Go through the entries below and tally the lines holding "PinLayer"; please reply with the number only.

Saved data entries
[Start of Attachment]
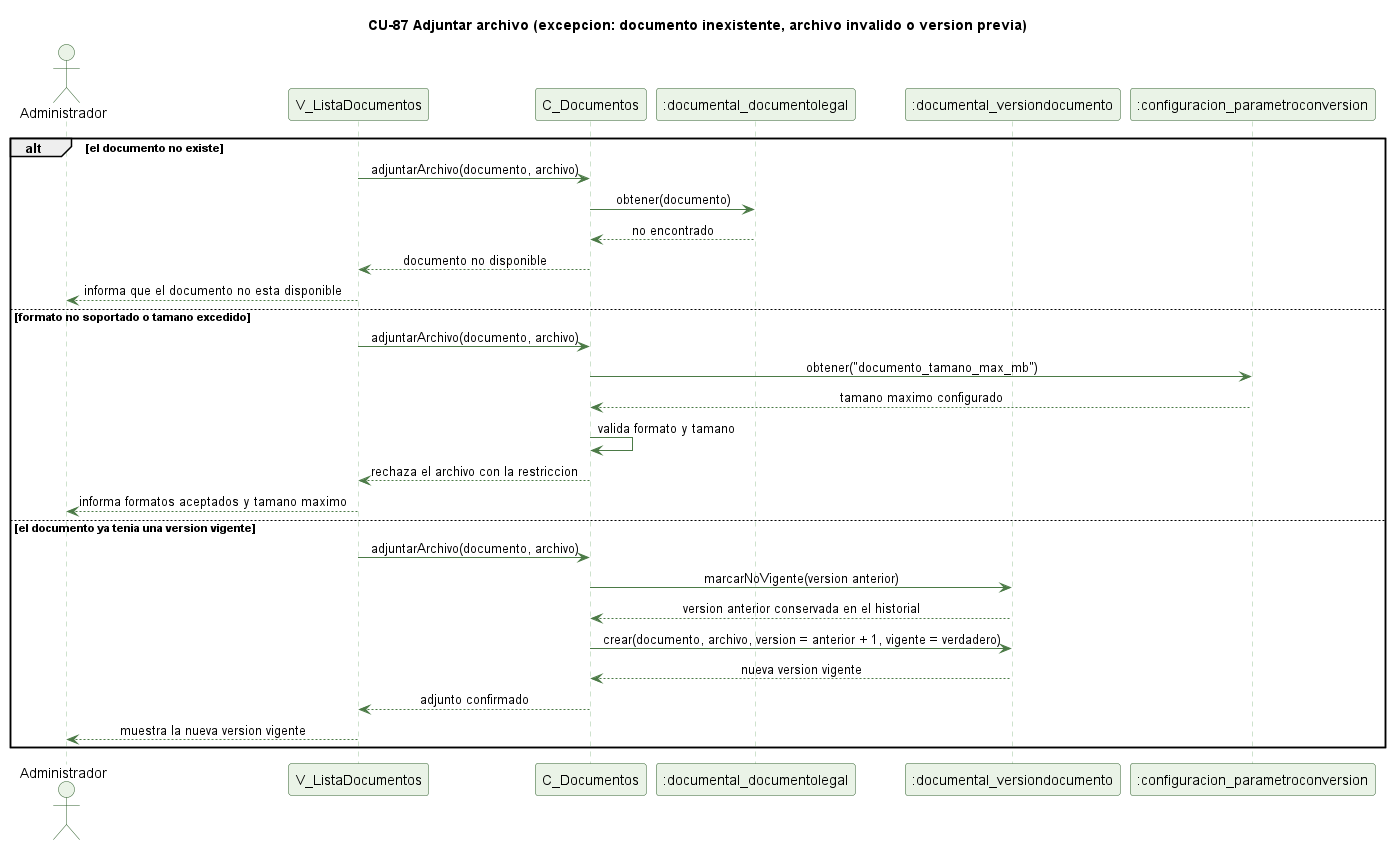

The diagram above was rendered by PlantUML. Its source (embedded in the PNG):
@startuml cu87-adjuntar-archivo-excepcion
' CU-87 Adjuntando el archivo de un documento - flujo de excepcion
skinparam backgroundColor #FFFFFF
skinparam shadowing false
skinparam defaultFontName Helvetica
skinparam sequenceMessageAlign center
skinparam ParticipantBackgroundColor #EAF3E7
skinparam ParticipantBorderColor #2E5E2A
skinparam ActorBackgroundColor #EAF3E7
skinparam ActorBorderColor #2E5E2A
skinparam sequenceLifeLineBorderColor #9CC49A
skinparam ArrowColor #4B7A46

title CU-87 Adjuntar archivo (excepcion: documento inexistente, archivo invalido o version previa)

actor Administrador
participant "V_ListaDocumentos" as V
participant "C_Documentos" as C
participant ":documental_documentolegal" as DL
participant ":documental_versiondocumento" as VD
participant ":configuracion_parametroconversion" as PC

alt el documento no existe
  V -> C : adjuntarArchivo(documento, archivo)
  C -> DL : obtener(documento)
  DL --> C : no encontrado
  C --> V : documento no disponible
  V --> Administrador : informa que el documento no esta disponible
else formato no soportado o tamano excedido
  V -> C : adjuntarArchivo(documento, archivo)
  C -> PC : obtener("documento_tamano_max_mb")
  PC --> C : tamano maximo configurado
  C -> C : valida formato y tamano
  C --> V : rechaza el archivo con la restriccion
  V --> Administrador : informa formatos aceptados y tamano maximo
else el documento ya tenia una version vigente
  V -> C : adjuntarArchivo(documento, archivo)
  C -> VD : marcarNoVigente(version anterior)
  VD --> C : version anterior conservada en el historial
  C -> VD : crear(documento, archivo, version = anterior + 1, vigente = verdadero)
  VD --> C : nueva version vigente
  C --> V : adjunto confirmado
  V --> Administrador : muestra la nueva version vigente
end

@enduml
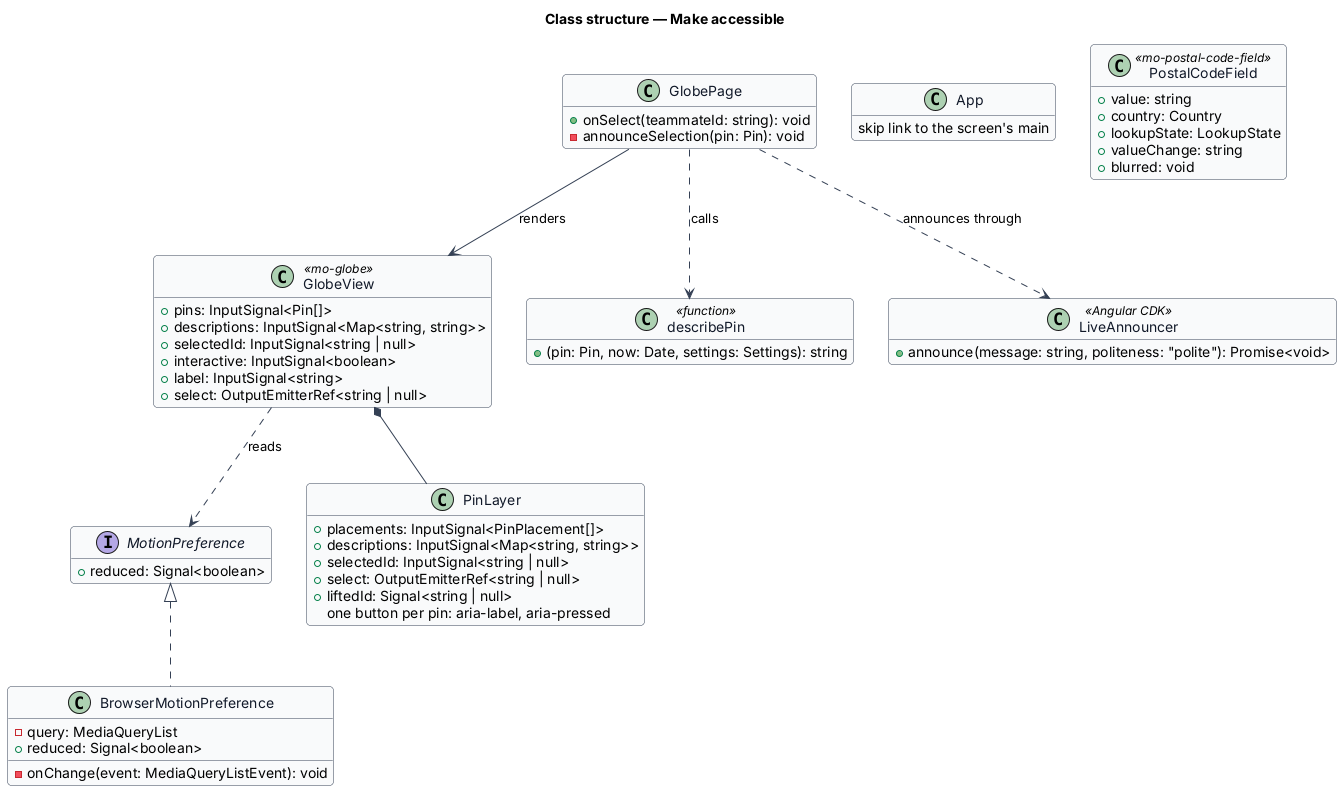

The diagram above was rendered by PlantUML. Its source (embedded in the PNG):
@startuml
skinparam backgroundColor #FFFFFF
skinparam shadowing false
skinparam roundcorner 8
skinparam defaultFontName Arial
skinparam ArrowColor #344054
skinparam class {
  BorderColor #344054
  FontColor #101828
  BackgroundColor #F9FAFB
}
hide empty members
title Class structure — Make accessible

interface MotionPreference {
  +reduced: Signal<boolean>
}

class BrowserMotionPreference {
  -query: MediaQueryList
  +reduced: Signal<boolean>
  -onChange(event: MediaQueryListEvent): void
}

class GlobeView <<mo-globe>> {
  +pins: InputSignal<Pin[]>
  +descriptions: InputSignal<Map<string, string>>
  +selectedId: InputSignal<string | null>
  +interactive: InputSignal<boolean>
  +label: InputSignal<string>
  +select: OutputEmitterRef<string | null>
}

class PinLayer {
  +placements: InputSignal<PinPlacement[]>
  +descriptions: InputSignal<Map<string, string>>
  +selectedId: InputSignal<string | null>
  +select: OutputEmitterRef<string | null>
  +liftedId: Signal<string | null>
  one button per pin: aria-label, aria-pressed
}

class describePin <<function>> {
  +(pin: Pin, now: Date, settings: Settings): string
}

class GlobePage {
  +onSelect(teammateId: string): void
  -announceSelection(pin: Pin): void
}

class LiveAnnouncer <<Angular CDK>> {
  +announce(message: string, politeness: "polite"): Promise<void>
}

class App {
  skip link to the screen's main
}

class PostalCodeField <<mo-postal-code-field>> {
  +value: string
  +country: Country
  +lookupState: LookupState
  +valueChange: string
  +blurred: void
}

MotionPreference <|.. BrowserMotionPreference
GlobeView *-- PinLayer
GlobeView ..> MotionPreference : reads
GlobePage --> GlobeView : renders
GlobePage ..> describePin : calls
GlobePage ..> LiveAnnouncer : announces through
@enduml
[End of Attachment]
Exercise answer. 2